## Directions for this task
Reproduce, exactly and in full, only the lines below from the one containing "-151.903389971), (-5.032287798, -151.754600216))" through the one containing "-143.168269413), (-7.258207136, -143.129600216))".

## Record excerpts
◆ ◆ ◆ ◆ ◆ ◆ ◆

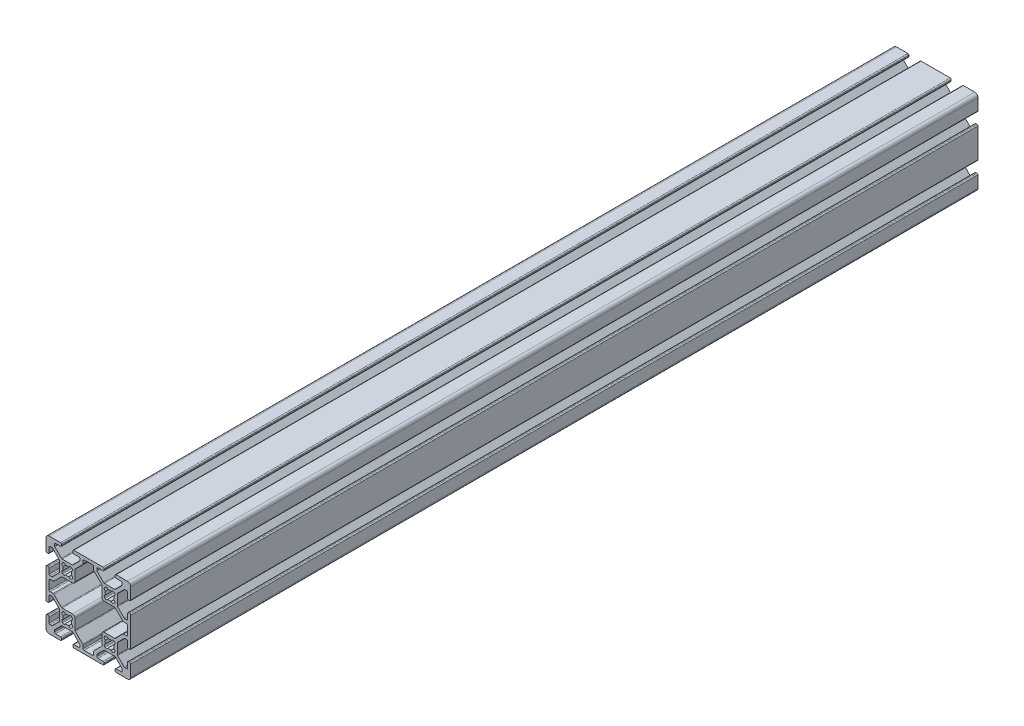
from build123d import *

# Parameters (mm, degrees)
EXTRUDE1_DEPTH = 400


with BuildPart() as part:
    # Sketch1 → Extrude1 (new body)
    with BuildSketch(Plane.XY):
        with BuildLine():
            Line((-36.908207136, -152.779600216), (-32.140368459, -152.779600216))
            ThreePointArc((-32.140368459, -152.779600216), (-31.945965275, -152.818269413), (-31.781158214, -152.928389971))
            Line((-31.781158214, -152.928389971), (-28.678077553, -156.031470632))
            ThreePointArc((-28.678077553, -156.031470632), (-28.567956995, -156.196277694), (-28.529287798, -156.390680877))
            Line((-28.529287798, -156.390680877), (-28.529287798, -157.116600216))
            ThreePointArc((-28.529287798, -157.116600216), (-28.678077553, -157.475810461), (-29.037287798, -157.624600216))
            Line((-29.037287798, -157.624600216), (-31.386287798, -157.624600216))
            ThreePointArc((-31.386287798, -157.624600216), (-31.745498042, -157.773389971), (-31.894287798, -158.132600216))
            Line((-31.894287798, -158.132600216), (-31.894287798, -158.616600216))
            ThreePointArc((-31.894287798, -158.616600216), (-31.745498042, -158.975810461), (-31.386287798, -159.124600216))
            Line((-31.386287798, -159.124600216), (-17.662287798, -159.124600216))
            ThreePointArc((-17.662287798, -159.124600216), (-17.303077553, -158.975810461), (-17.154287798, -158.616600216))
            Line((-17.154287798, -158.616600216), (-17.154287798, -158.132600216))
            ThreePointArc((-17.154287798, -158.132600216), (-17.303077553, -157.773389971), (-17.662287798, -157.624600216))
            Line((-17.662287798, -157.624600216), (-20.011287798, -157.624600216))
            ThreePointArc((-20.011287798, -157.624600216), (-20.370498042, -157.475810461), (-20.519287798, -157.116600216))
            Line((-20.519287798, -157.116600216), (-20.519287798, -156.390680877))
            ThreePointArc((-20.519287798, -156.390680877), (-20.4806186, -156.196277694), (-20.370498042, -156.031470632))
            Line((-20.370498042, -156.031470632), (-17.267417381, -152.928389971))
            ThreePointArc((-17.267417381, -152.928389971), (-17.10261032, -152.818269413), (-16.908207136, -152.779600216))
            Line((-16.908207136, -152.779600216), (-12.140368459, -152.779600216))
            ThreePointArc((-12.140368459, -152.779600216), (-11.945965275, -152.818269413), (-11.781158214, -152.928389971))
            Line((-11.781158214, -152.928389971), (-8.678077553, -156.031470632))
            ThreePointArc((-8.678077553, -156.031470632), (-8.567956995, -156.196277694), (-8.529287798, -156.390680877))
            Line((-8.529287798, -156.390680877), (-8.529287798, -157.116600216))
            ThreePointArc((-8.529287798, -157.116600216), (-8.678077553, -157.475810461), (-9.037287798, -157.624600216))
            Line((-9.037287798, -157.624600216), (-11.386287798, -157.624600216))
            ThreePointArc((-11.386287798, -157.624600216), (-11.745498042, -157.773389971), (-11.894287798, -158.132600216))
            Line((-11.894287798, -158.132600216), (-11.894287798, -158.616600216))
            ThreePointArc((-11.894287798, -158.616600216), (-11.745498042, -158.975810461), (-11.386287798, -159.124600216))
            Line((-11.386287798, -159.124600216), (-6.024287798, -159.124600216))
            ThreePointArc((-6.024287798, -159.124600216), (-4.963627626, -158.685260388), (-4.524287798, -157.624600216))
            Line((-4.524287798, -157.624600216), (-4.524287798, -152.262600216))
            ThreePointArc((-4.524287798, -152.262600216), (-4.673077553, -151.903389971), (-5.032287798, -151.754600216))
            Line((-5.032287798, -151.754600216), (-5.516287798, -151.754600216))
            ThreePointArc((-5.516287798, -151.754600216), (-5.875498042, -151.903389971), (-6.024287798, -152.262600216))
            Line((-6.024287798, -152.262600216), (-6.024287798, -154.611600216))
            ThreePointArc((-6.024287798, -154.611600216), (-6.173077553, -154.970810461), (-6.532287798, -155.119600216))
            Line((-6.532287798, -155.119600216), (-7.258207136, -155.119600216))
            ThreePointArc((-7.258207136, -155.119600216), (-7.45261032, -155.080931018), (-7.617417381, -154.970810461))
            Line((-7.617417381, -154.970810461), (-10.720498042, -151.867729799))
            ThreePointArc((-10.720498042, -151.867729799), (-10.8306186, -151.702922738), (-10.869287798, -151.508519554))
            Line((-10.869287798, -151.508519554), (-10.869287798, -146.740680877))
            ThreePointArc((-10.869287798, -146.740680877), (-10.8306186, -146.546277694), (-10.720498042, -146.381470632))
            Line((-10.720498042, -146.381470632), (-7.617417381, -143.278389971))
            ThreePointArc((-7.617417381, -143.278389971), (-7.45261032, -143.168269413), (-7.258207136, -143.129600216))
            Line((-7.258207136, -143.129600216), (-6.532287798, -143.129600216))
            ThreePointArc((-6.532287798, -143.129600216), (-6.173077553, -143.278389971), (-6.024287798, -143.637600216))
            Line((-6.024287798, -143.637600216), (-6.024287798, -145.986600216))
            ThreePointArc((-6.024287798, -145.986600216), (-5.875498042, -146.345810461), (-5.516287798, -146.494600216))
            Line((-5.516287798, -146.494600216), (-5.032287798, -146.494600216))
            ThreePointArc((-5.032287798, -146.494600216), (-4.673077553, -146.345810461), (-4.524287798, -145.986600216))
            Line((-4.524287798, -145.986600216), (-4.524287798, -132.262600216))
            ThreePointArc((-4.524287798, -132.262600216), (-4.673077553, -131.903389971), (-5.032287798, -131.754600216))
            Line((-5.032287798, -131.754600216), (-5.516287798, -131.754600216))
            ThreePointArc((-5.516287798, -131.754600216), (-5.875498042, -131.903389971), (-6.024287798, -132.262600216))
            Line((-6.024287798, -132.262600216), (-6.024287798, -134.611600216))
            ThreePointArc((-6.024287798, -134.611600216), (-6.173077553, -134.970810461), (-6.532287798, -135.119600216))
            Line((-6.532287798, -135.119600216), (-7.258207136, -135.119600216))
            ThreePointArc((-7.258207136, -135.119600216), (-7.45261032, -135.080931018), (-7.617417381, -134.970810461))
            Line((-7.617417381, -134.970810461), (-10.720498042, -131.867729799))
            ThreePointArc((-10.720498042, -131.867729799), (-10.8306186, -131.702922738), (-10.869287798, -131.508519554))
            Line((-10.869287798, -131.508519554), (-10.869287798, -126.740680877))
            ThreePointArc((-10.869287798, -126.740680877), (-10.8306186, -126.546277694), (-10.720498042, -126.381470632))
            Line((-10.720498042, -126.381470632), (-7.617417381, -123.278389971))
            ThreePointArc((-7.617417381, -123.278389971), (-7.45261032, -123.168269413), (-7.258207136, -123.129600216))
            Line((-7.258207136, -123.129600216), (-6.532287798, -123.129600216))
            ThreePointArc((-6.532287798, -123.129600216), (-6.173077553, -123.278389971), (-6.024287798, -123.637600216))
            Line((-6.024287798, -123.637600216), (-6.024287798, -125.986600216))
            ThreePointArc((-6.024287798, -125.986600216), (-5.875498042, -126.345810461), (-5.516287798, -126.494600216))
            Line((-5.516287798, -126.494600216), (-5.032287798, -126.494600216))
            ThreePointArc((-5.032287798, -126.494600216), (-4.673077553, -126.345810461), (-4.524287798, -125.986600216))
            Line((-4.524287798, -125.986600216), (-4.524287798, -120.624600216))
            ThreePointArc((-4.524287798, -120.624600216), (-4.963627626, -119.563940044), (-6.024287798, -119.124600216))
            Line((-6.024287798, -119.124600216), (-11.386287798, -119.124600216))
            ThreePointArc((-11.386287798, -119.124600216), (-11.745498042, -119.273389971), (-11.894287798, -119.632600216))
            Line((-11.894287798, -119.632600216), (-11.894287798, -120.116600216))
            ThreePointArc((-11.894287798, -120.116600216), (-11.745498042, -120.475810461), (-11.386287798, -120.624600216))
            Line((-11.386287798, -120.624600216), (-9.037287798, -120.624600216))
            ThreePointArc((-9.037287798, -120.624600216), (-8.678077553, -120.773389971), (-8.529287798, -121.132600216))
            Line((-8.529287798, -121.132600216), (-8.529287798, -121.858519554))
            ThreePointArc((-8.529287798, -121.858519554), (-8.567956995, -122.052922738), (-8.678077553, -122.217729799))
            Line((-8.678077553, -122.217729799), (-11.781158214, -125.320810461))
            ThreePointArc((-11.781158214, -125.320810461), (-11.945965275, -125.430931018), (-12.140368459, -125.469600216))
            Line((-12.140368459, -125.469600216), (-16.908207136, -125.469600216))
            ThreePointArc((-16.908207136, -125.469600216), (-17.10261032, -125.430931018), (-17.267417381, -125.320810461))
            Line((-17.267417381, -125.320810461), (-20.370498042, -122.217729799))
            ThreePointArc((-20.370498042, -122.217729799), (-20.4806186, -122.052922738), (-20.519287798, -121.858519554))
            Line((-20.519287798, -121.858519554), (-20.519287798, -121.132600216))
            ThreePointArc((-20.519287798, -121.132600216), (-20.370498042, -120.773389971), (-20.011287798, -120.624600216))
            Line((-20.011287798, -120.624600216), (-17.662287798, -120.624600216))
            ThreePointArc((-17.662287798, -120.624600216), (-17.303077553, -120.475810461), (-17.154287798, -120.116600216))
            Line((-17.154287798, -120.116600216), (-17.154287798, -119.632600216))
            ThreePointArc((-17.154287798, -119.632600216), (-17.303077553, -119.273389971), (-17.662287798, -119.124600216))
            Line((-17.662287798, -119.124600216), (-31.386287798, -119.124600216))
            ThreePointArc((-31.386287798, -119.124600216), (-31.745498042, -119.273389971), (-31.894287798, -119.632600216))
            Line((-31.894287798, -119.632600216), (-31.894287798, -120.116600216))
            ThreePointArc((-31.894287798, -120.116600216), (-31.745498042, -120.475810461), (-31.386287798, -120.624600216))
            Line((-31.386287798, -120.624600216), (-29.037287798, -120.624600216))
            ThreePointArc((-29.037287798, -120.624600216), (-28.678077553, -120.773389971), (-28.529287798, -121.132600216))
            Line((-28.529287798, -121.132600216), (-28.529287798, -121.858519554))
            ThreePointArc((-28.529287798, -121.858519554), (-28.567956995, -122.052922738), (-28.678077553, -122.217729799))
            Line((-28.678077553, -122.217729799), (-31.781158214, -125.320810461))
            ThreePointArc((-31.781158214, -125.320810461), (-31.945965275, -125.430931018), (-32.140368459, -125.469600216))
            Line((-32.140368459, -125.469600216), (-36.908207136, -125.469600216))
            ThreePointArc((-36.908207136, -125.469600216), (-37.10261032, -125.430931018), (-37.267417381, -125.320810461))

◆ ◆ ◆ ◆ ◆ ◆ ◆

## Task result
            ThreePointArc((-4.524287798, -152.262600216), (-4.673077553, -151.903389971), (-5.032287798, -151.754600216))
            Line((-5.032287798, -151.754600216), (-5.516287798, -151.754600216))
            ThreePointArc((-5.516287798, -151.754600216), (-5.875498042, -151.903389971), (-6.024287798, -152.262600216))
            Line((-6.024287798, -152.262600216), (-6.024287798, -154.611600216))
            ThreePointArc((-6.024287798, -154.611600216), (-6.173077553, -154.970810461), (-6.532287798, -155.119600216))
            Line((-6.532287798, -155.119600216), (-7.258207136, -155.119600216))
            ThreePointArc((-7.258207136, -155.119600216), (-7.45261032, -155.080931018), (-7.617417381, -154.970810461))
            Line((-7.617417381, -154.970810461), (-10.720498042, -151.867729799))
            ThreePointArc((-10.720498042, -151.867729799), (-10.8306186, -151.702922738), (-10.869287798, -151.508519554))
            Line((-10.869287798, -151.508519554), (-10.869287798, -146.740680877))
            ThreePointArc((-10.869287798, -146.740680877), (-10.8306186, -146.546277694), (-10.720498042, -146.381470632))
            Line((-10.720498042, -146.381470632), (-7.617417381, -143.278389971))
            ThreePointArc((-7.617417381, -143.278389971), (-7.45261032, -143.168269413), (-7.258207136, -143.129600216))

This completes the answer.